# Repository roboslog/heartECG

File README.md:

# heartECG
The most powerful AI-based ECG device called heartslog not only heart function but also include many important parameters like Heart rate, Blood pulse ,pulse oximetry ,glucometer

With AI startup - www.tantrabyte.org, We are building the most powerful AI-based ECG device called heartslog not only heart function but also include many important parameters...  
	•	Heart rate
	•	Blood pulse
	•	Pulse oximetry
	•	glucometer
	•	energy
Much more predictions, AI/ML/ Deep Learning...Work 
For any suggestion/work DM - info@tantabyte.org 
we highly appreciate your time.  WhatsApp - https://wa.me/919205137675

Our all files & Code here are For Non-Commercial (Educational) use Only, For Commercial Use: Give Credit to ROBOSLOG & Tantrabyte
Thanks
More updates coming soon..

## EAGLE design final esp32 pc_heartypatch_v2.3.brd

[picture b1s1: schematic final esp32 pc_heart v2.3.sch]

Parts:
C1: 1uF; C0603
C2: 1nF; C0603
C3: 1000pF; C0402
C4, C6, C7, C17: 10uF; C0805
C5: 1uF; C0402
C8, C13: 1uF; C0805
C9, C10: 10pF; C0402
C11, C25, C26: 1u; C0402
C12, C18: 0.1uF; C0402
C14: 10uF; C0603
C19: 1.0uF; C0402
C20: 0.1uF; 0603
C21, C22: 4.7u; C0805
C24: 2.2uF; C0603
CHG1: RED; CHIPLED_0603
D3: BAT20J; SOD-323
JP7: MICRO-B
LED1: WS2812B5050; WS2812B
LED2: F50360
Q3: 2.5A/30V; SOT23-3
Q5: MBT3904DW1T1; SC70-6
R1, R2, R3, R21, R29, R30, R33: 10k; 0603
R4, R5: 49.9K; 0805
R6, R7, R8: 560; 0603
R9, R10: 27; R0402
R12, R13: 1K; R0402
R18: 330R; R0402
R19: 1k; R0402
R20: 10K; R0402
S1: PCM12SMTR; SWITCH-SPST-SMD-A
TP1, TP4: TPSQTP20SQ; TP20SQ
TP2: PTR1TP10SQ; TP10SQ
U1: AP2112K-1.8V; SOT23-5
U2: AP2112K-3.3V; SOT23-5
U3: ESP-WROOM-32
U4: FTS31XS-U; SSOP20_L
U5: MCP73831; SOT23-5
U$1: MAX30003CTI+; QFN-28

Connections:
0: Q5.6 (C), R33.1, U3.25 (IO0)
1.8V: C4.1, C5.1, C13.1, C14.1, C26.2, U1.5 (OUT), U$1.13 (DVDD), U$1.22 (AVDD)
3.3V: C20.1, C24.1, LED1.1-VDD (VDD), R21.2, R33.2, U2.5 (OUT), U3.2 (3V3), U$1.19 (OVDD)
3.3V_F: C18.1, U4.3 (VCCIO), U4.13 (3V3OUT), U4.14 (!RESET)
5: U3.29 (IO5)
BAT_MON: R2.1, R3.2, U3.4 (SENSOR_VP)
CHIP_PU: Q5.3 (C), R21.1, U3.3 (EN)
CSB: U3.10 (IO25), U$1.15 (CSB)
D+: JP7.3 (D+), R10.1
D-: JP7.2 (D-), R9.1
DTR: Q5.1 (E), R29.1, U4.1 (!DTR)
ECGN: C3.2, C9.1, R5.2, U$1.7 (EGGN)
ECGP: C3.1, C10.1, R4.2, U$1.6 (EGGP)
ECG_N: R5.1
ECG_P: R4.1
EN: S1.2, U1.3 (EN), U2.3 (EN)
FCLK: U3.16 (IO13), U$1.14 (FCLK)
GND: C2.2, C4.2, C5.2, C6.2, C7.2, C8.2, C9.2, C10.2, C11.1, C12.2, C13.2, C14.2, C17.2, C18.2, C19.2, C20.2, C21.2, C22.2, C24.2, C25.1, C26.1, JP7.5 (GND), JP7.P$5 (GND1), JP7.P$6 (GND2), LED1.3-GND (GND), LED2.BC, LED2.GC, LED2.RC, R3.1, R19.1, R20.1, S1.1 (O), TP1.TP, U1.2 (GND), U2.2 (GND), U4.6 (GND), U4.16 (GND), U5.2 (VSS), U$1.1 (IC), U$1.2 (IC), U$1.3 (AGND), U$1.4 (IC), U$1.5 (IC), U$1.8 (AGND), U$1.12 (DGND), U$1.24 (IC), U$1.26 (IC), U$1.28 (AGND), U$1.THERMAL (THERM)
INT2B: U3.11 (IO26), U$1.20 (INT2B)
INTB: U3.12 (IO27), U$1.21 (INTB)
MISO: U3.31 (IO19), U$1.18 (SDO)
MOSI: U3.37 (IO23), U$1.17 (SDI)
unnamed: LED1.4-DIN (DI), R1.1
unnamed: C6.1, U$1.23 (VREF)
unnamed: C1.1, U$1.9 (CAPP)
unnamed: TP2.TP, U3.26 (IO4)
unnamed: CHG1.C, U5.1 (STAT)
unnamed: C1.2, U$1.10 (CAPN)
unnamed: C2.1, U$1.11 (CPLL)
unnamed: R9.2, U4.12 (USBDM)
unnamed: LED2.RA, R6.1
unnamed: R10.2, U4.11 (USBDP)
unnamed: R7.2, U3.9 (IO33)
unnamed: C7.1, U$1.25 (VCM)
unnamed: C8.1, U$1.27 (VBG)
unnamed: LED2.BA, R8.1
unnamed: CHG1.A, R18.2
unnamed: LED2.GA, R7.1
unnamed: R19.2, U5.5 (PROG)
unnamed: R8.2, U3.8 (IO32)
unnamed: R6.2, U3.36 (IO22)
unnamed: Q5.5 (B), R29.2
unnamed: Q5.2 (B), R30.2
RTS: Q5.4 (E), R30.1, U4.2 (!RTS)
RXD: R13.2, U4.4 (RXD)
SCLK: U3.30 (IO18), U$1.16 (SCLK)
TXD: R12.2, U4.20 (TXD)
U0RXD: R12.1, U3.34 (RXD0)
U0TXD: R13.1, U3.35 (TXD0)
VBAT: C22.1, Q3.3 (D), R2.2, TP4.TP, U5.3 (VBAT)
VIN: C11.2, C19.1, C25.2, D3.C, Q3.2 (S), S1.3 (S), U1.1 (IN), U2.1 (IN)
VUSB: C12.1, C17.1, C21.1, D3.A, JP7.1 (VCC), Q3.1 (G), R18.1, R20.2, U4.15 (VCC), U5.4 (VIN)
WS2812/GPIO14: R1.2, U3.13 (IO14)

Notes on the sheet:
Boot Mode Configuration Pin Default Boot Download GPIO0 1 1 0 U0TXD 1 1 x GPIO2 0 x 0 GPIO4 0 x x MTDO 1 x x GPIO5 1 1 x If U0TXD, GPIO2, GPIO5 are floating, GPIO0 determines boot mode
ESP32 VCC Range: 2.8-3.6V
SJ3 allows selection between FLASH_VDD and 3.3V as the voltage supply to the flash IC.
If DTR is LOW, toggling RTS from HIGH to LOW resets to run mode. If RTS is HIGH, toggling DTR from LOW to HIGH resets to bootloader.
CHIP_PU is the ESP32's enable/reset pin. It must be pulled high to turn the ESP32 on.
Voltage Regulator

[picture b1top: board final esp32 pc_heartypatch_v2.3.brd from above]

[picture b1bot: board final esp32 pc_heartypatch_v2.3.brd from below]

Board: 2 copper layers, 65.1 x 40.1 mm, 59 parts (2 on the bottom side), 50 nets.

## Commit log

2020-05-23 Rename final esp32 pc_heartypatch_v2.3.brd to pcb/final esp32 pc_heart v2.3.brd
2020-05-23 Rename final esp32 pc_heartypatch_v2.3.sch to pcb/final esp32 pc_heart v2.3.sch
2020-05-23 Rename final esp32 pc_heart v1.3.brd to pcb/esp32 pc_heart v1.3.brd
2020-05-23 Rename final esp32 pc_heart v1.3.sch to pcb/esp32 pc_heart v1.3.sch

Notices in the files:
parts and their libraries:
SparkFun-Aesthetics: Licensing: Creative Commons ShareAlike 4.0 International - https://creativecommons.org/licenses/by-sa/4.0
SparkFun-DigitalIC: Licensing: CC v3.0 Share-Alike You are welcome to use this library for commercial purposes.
══════
▶ Assignment: The string "function" may occur in the listing; show every line where it does.

▶ Answer to the exercise:
The most powerful AI-based ECG device called heartslog not only heart function but also include many important parameters like Heart rate, Blood pulse ,pulse oximetry ,glucometer
With AI startup - www.tantrabyte.org, We are building the most powerful AI-based ECG device called heartslog not only heart function but also include many important parameters...  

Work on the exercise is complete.